The Portrait Left Behind

There’s something sad about an estate sale.

I can’t go to one of these things without feeling a little bit vulturous, jostling with the other vultures and swooping down to retrieve the scraps of a life from a folding table of knick knacks.

In fact, it might be impossible to go to an estate sale–or to a curiosity shop, for that matter–and not get emotional. You’re safe in a regular retail store full of new, mass-produced merchandise because there aren’t stories attached to those items—yet; they haven’t become meaningful. But at an estate sale, unless you are heartless, you inevitably supplement your own memories and experiences and connotations to what’s already there in the context of another person’s intimate space, their home.

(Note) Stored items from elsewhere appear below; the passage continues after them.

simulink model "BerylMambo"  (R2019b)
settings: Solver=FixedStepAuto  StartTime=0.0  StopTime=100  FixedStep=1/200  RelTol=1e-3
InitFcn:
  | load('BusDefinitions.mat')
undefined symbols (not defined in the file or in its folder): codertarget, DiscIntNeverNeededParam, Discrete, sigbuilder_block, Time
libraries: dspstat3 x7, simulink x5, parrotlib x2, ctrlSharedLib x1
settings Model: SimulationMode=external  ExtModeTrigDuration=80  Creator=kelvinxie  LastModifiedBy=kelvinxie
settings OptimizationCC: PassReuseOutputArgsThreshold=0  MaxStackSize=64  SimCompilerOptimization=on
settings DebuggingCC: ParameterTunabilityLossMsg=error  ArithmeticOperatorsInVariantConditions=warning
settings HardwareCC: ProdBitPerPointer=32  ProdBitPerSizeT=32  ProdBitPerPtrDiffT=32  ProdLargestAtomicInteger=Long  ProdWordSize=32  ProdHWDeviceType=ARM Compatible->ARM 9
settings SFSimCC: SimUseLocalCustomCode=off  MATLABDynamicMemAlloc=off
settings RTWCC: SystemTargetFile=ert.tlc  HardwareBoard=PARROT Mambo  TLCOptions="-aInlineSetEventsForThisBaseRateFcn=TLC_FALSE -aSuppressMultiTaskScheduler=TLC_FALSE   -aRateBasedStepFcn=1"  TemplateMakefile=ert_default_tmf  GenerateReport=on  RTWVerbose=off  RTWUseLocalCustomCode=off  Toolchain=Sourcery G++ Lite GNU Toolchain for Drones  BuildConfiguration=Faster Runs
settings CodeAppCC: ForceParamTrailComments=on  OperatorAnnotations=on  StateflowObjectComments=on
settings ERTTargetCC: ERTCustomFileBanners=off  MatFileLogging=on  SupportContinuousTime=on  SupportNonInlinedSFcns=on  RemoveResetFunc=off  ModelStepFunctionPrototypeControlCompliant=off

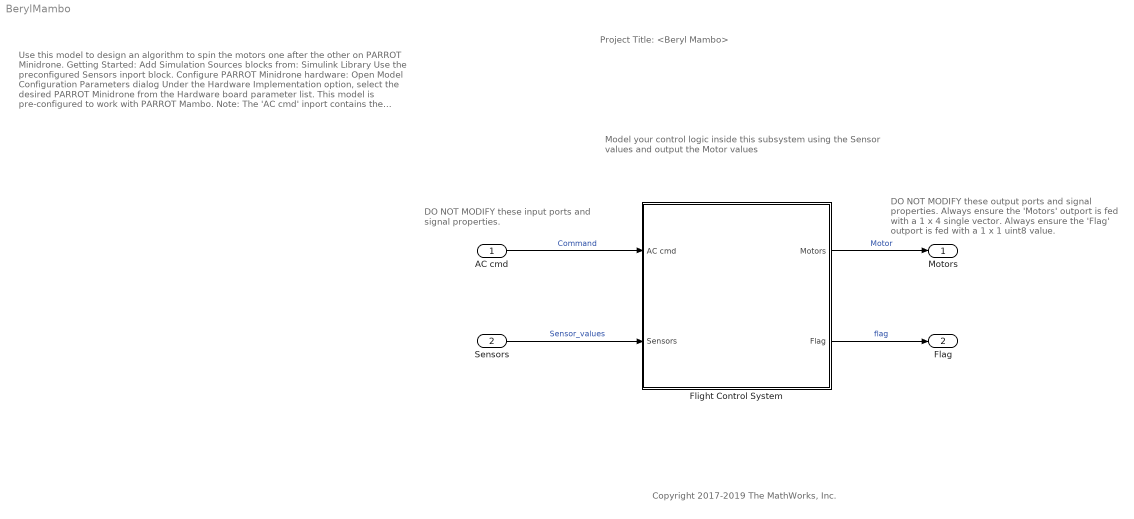
== system BerylMambo ==
  note: Model your control logic inside this subsystem
      | using the Sensor values and output the
      | Motor values
  note: DO NOT MODIFY these output ports
      | and signal properties.
      |
      |
      |
      | Always ensure the 'Motors' outport
      | is fed with a 1 x 4 single vector.
      |
      |
      |
      |
      |
      | Always ensure the 'Flag' outport is
      | fed with a 1 x 1 uint8 value.
  note: DO NOT MODIFY these input
      | ports and signal properties.
  note: Copyright 2017-2019 The MathWorks, Inc.
  note: Use this model to design an algorithm to spin the motors one
      | after the other on PARROT Minidrone.
      |
      | Getting Started:
      |
      | Add Simulation Sources blocks from:
      | Simulink Library
      | Use the preconfigured Sensors inport block.
      |
      | Configure PARROT Minidrone hardware:
      |
      | Open Model Configuration Parameters dialog
      |
      | Under the Hardware Implementation option, select the desired
      | PARROT Minidrone from the Hardware board parameter list.
      |
      | This model is pre-configured to work with PARROT Mambo.
      |
      | Note:
      |
      | The 'AC cmd' inport contains the position and orientation
      | reference signals information.
      | The 'Sensors' inport contains data from accelerometer,
      | gyroscope, ultrasonic, pressure and optical flow data.
      | The 'Flag' outport can be used to model an error condition
      | which stops the drone.
      | The 'Motors' outport is fed with the speed values of the 4 motors.
      | Learn more:
      |
      | Simulink Subsystem
      | Simulink Buses
  note: Project Title: <Beryl Mambo>
  AC cmd : Inport  OutDataTypeStr=Bus: CommandBus  BusOutputAsStruct=on
  Sensors : Inport  Port=2  OutDataTypeStr=Bus: SensorsBus  BusOutputAsStruct=on
  Flight Control System : Subsystem  InitFcn=codertarget.parrot.internal.fcsSubsystemCallback(gcb);
  Motors : Outport  OutDataTypeStr=single  PortDimensions=[1 4]  VectorParamsAs1DForOutWhenUnconnected=off
  Flag : Outport  Port=2  OutDataTypeStr=uint8  PortDimensions=1  VectorParamsAs1DForOutWhenUnconnected=off
  wires:
  Flight Control System/1(Motors) -> Motors/1  "Motor"
  AC cmd/1 -> Flight Control System/1(AC cmd)  "Command"
  Sensors/1 -> Flight Control System/2(Sensors)  "Sensor_values"
  Flight Control System/2(Flag) -> Flag/1  "flag"

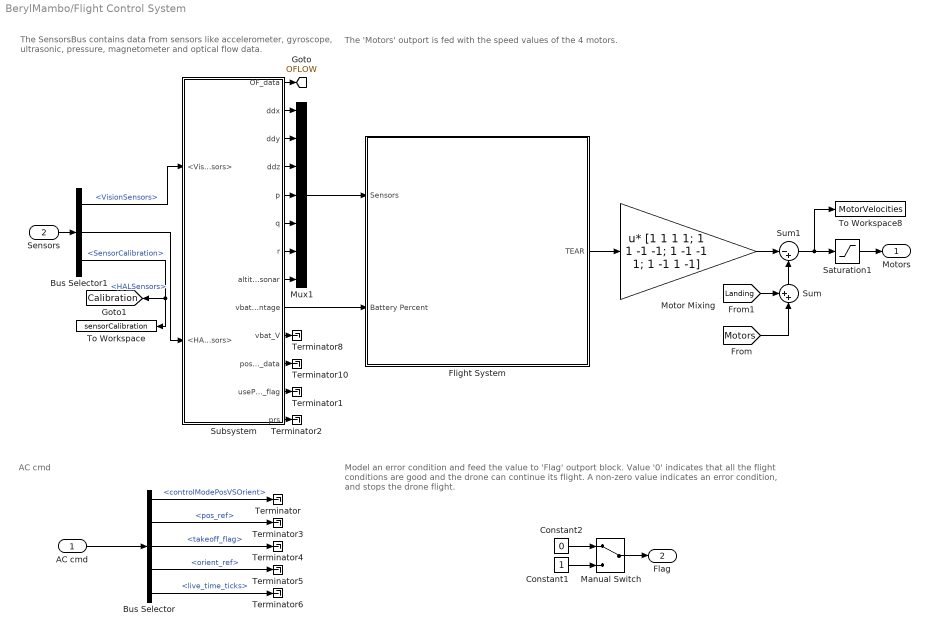
== system BerylMambo/Flight Control System ==
  note: AC cmd
  note: The 'Motors' outport is fed with the speed values of the 4 motors.
  note: Model an error condition and feed the value to 'Flag' outport block. Value '0' indicates that all the flight conditions are
      | good and the drone can continue its flight. A non-zero value indicates an error condition, and stops the drone flight.
  note: The SensorsBus contains data from sensors like
      | accelerometer, gyroscope, ultrasonic, pressure,
      | magnetometer and optical flow data.
  AC cmd : Inport
  Sensors : Inport  Port=2
  Bus Selector : BusSelector  OutputSignals=controlModePosVSOrient,pos_ref,takeoff_flag,orient_ref,live_time_ticks
  Bus Selector1 : BusSelector  OutputSignals=VisionSensors,HALSensors,SensorCalibration
  Constant1 : Constant  OutDataTypeStr=uint8
  Constant2 : Constant  Value=0  OutDataTypeStr=uint8
  Flight System : Subsystem
  Manual Switch : ManualSwitch
  "Motor Mixing            " : Gain  Gain=[1 1 1 1; 1 1 -1 -1; 1 -1 -1 1; 1 -1 1 -1]  Multiplication=Matrix(u*K)
  Mux1 : Mux  Inputs=7
  Saturation1 : Saturate  UpperLimit=500  LowerLimit=0  OutDataTypeStr=single
  Subsystem : Subsystem
  Sum : Sum  Inputs=++|
  Sum1 : Sum  Inputs=|-+  OutDataTypeStr=single
  Terminator{,1..6,8,10} (9 alike) : Terminator
  To Workspace : ToWorkspace  VariableName=sensorCalibration  SaveFormat=Structure With Time  SampleTime=-1
  To Workspace8 : ToWorkspace  VariableName=MotorVelocities  SaveFormat=Structure With Time  SampleTime=-1
  Motors : Outport  VectorParamsAs1DForOutWhenUnconnected=off
  Flag : Outport  Port=2  VectorParamsAs1DForOutWhenUnconnected=off
  tag scope: Calibration=global, OFLOW=global
  wires:
  AC cmd/1 -> Bus Selector/1
  Sensors/1 -> Bus Selector1/1
  Bus Selector/1 -> Terminator/1  "<controlModePosVSOrient>"
  Bus Selector/2 -> Terminator3/1  "<pos_ref>"
  Bus Selector/3 -> Terminator4/1  "<takeoff_flag>"
  Bus Selector/4 -> Terminator5/1  "<orient_ref>"
  Bus Selector/5 -> Terminator6/1  "<live_time_ticks>"
  Manual Switch/1 -> Flag/1
  Constant2/1 -> Manual Switch/1
  Constant1/1 -> Manual Switch/2
  Saturation1/1 -> Motors/1
  Bus Selector1/1 -> Subsystem/1(<VisionSensors>)  "<VisionSensors>"
  Bus Selector1/2 -> Subsystem/2(<HALSensors>)  "<HALSensors>"
  Bus Selector1/3 -> To Workspace/1, [Calibration]  "<SensorCalibration>"
  Subsystem/11(posVIS_data) -> Terminator10/1
  Subsystem/12(usePosVIS_flag) -> Terminator1/1
  Subsystem/13(prs) -> Terminator2/1
  Subsystem/9(vbat_percentage) -> Flight System/2(Battery Percent)
  Subsystem/10(vbat_V) -> Terminator8/1
  Flight System/1("TEAR ") -> "Motor Mixing            "/1
  Mux1/1 -> Flight System/1(Sensors)
  Subsystem/7(r) -> Mux1/6
  Subsystem/6(q) -> Mux1/5
  Subsystem/8(altitude_sonar) -> Mux1/7
  Subsystem/5(p) -> Mux1/4
  Subsystem/4(ddz) -> Mux1/3
  Subsystem/3(ddy) -> Mux1/2
  Subsystem/2(ddx) -> Mux1/1
  Subsystem/1(OF_data) -> [OFLOW]
  "Motor Mixing            "/1 -> Sum1/1
  Sum/1 -> Sum1/2
  [Landing] -> Sum/1
  [Motors] -> Sum/2
  Sum1/1 -> Saturation1/1, To Workspace8/1

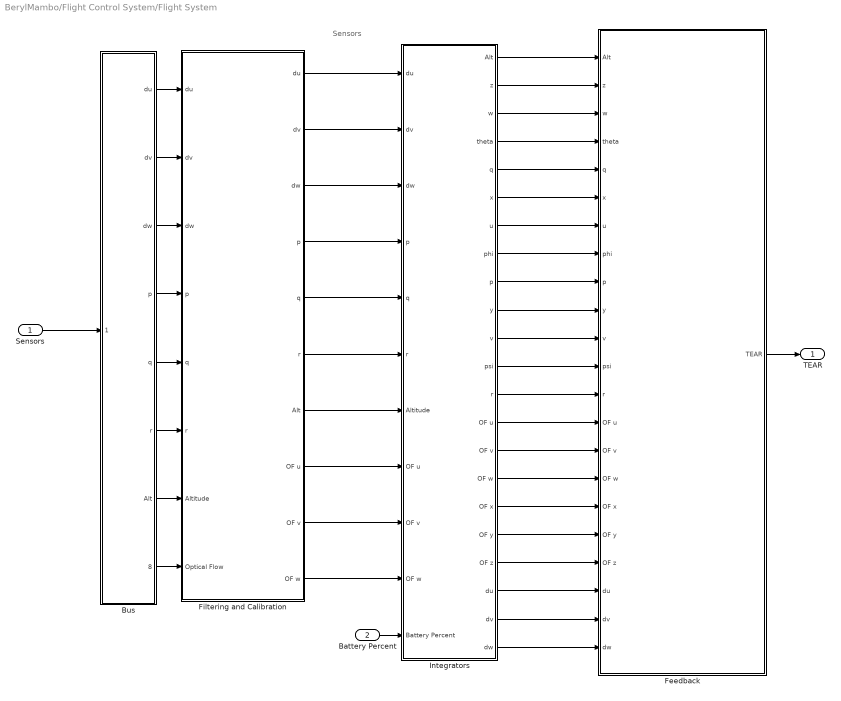
== system BerylMambo/Flight Control System/Flight System ==
  note: Sensors
  Sensors : Inport
  Battery Percent : Inport  Port=2
  Bus : Subsystem
  Feedback : Subsystem
  Filtering and Calibration : Subsystem
  Integrators : Subsystem
  "TEAR " : Outport
  wires:
  Battery Percent/1 -> Integrators/11(Battery Percent)
  Filtering and Calibration/1("du ") -> Integrators/1(du)
  Filtering and Calibration/2("dv ") -> Integrators/2(dv)
  Filtering and Calibration/3("dw ") -> Integrators/3(dw)
  Filtering and Calibration/4("p ") -> Integrators/4(p)
  Filtering and Calibration/5("q ") -> Integrators/5(q)
  Filtering and Calibration/6("r ") -> Integrators/6(r)
  Filtering and Calibration/7(Alt) -> Integrators/7(Altitude)
  Bus/7(Alt) -> Filtering and Calibration/7(Altitude)
  Bus/6(r) -> Filtering and Calibration/6(r)
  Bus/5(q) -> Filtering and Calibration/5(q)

Of all the things I’m perennially on the lookout for, of all the things I actually need (the dresser!), it’s something I don’t need at all that I can’t stop thinking about: a hand-tinted photographic portrait of a pretty girl in a light blue dress. She wears a feather on one shoulder, sort of a sad expression, and is framed in oval gilt (I’m such a sucker for ovals) with tiny colorful floral decorations at top, bottom, and both sides. She was looking right at me this morning, imploringly. So pretty. So sad.

I looked back. What would I do with her? Who is she, anyway? How did she wind up here? Did she even belong to the estate being sold (did she turn into someone’s nasty old mother-in-law–is that it?) She’s very pretty and all, but my own great-grandmother’s lovely and earnest wedding portrait is still sitting unframed in a closet. Hadn’t I really better tend to her before I bring home a complete stranger? Don’t I already have a strange little girl from the ’30s or ‘40s–someone else’s mother–in an unusual rectangular frame sitting in The Totally ‘80s Guest Room waiting to be replaced my own mother’s much cuter 1940s portraits?

My neglected great-grandmother.

My neglected great-grandmother.

She keeps looking at me, and I keep wondering: about the feather at the shoulder, the bobbed hair, the hand(?)-colored details, the ripped paper on the back of the frame… All the clues that will date this portrait and all the ponderings that can never be answered. Who is she? Why doesn’t anyone want her?

In his essay “Mind in Matter,” material culture scholar Jules Prown says, “Inherent and attached value…is another major element in what survives. …Objects with iconic or associational value are preserved, but when they lose that association ([for example,] photographs of unknown ancestors), they become disposable.” Curiosity shops abound in evidence of this loss. There’s certainly no shortage of adorable or earnest or poignant old, hand-tinted photographs out there. Young sailors, new brides, children posed in their Sunday best. Once you start adopting strange ancestors, when can you ever stop?

How did I wind up on a folding table in the living room among odd pieces of glassware and ceramic knick knacks made in China? The young girl in the portrait seemed to want to know. Her eyes were really boring into my soul now. Why can’t anyone see my inherent value? How did I become disposable?

I plead–internally, of course–my frameless great-grandmother and the midcentury orphan–someone else’s mother–I’ve already got at home.

Someone else's mother.

Someone else’s mother.

To no avail. The associational value of the estate sale has worked its magic. I’m already shuffling my schedule so I can go back tomorrow morning to see if she’s still there. For half price.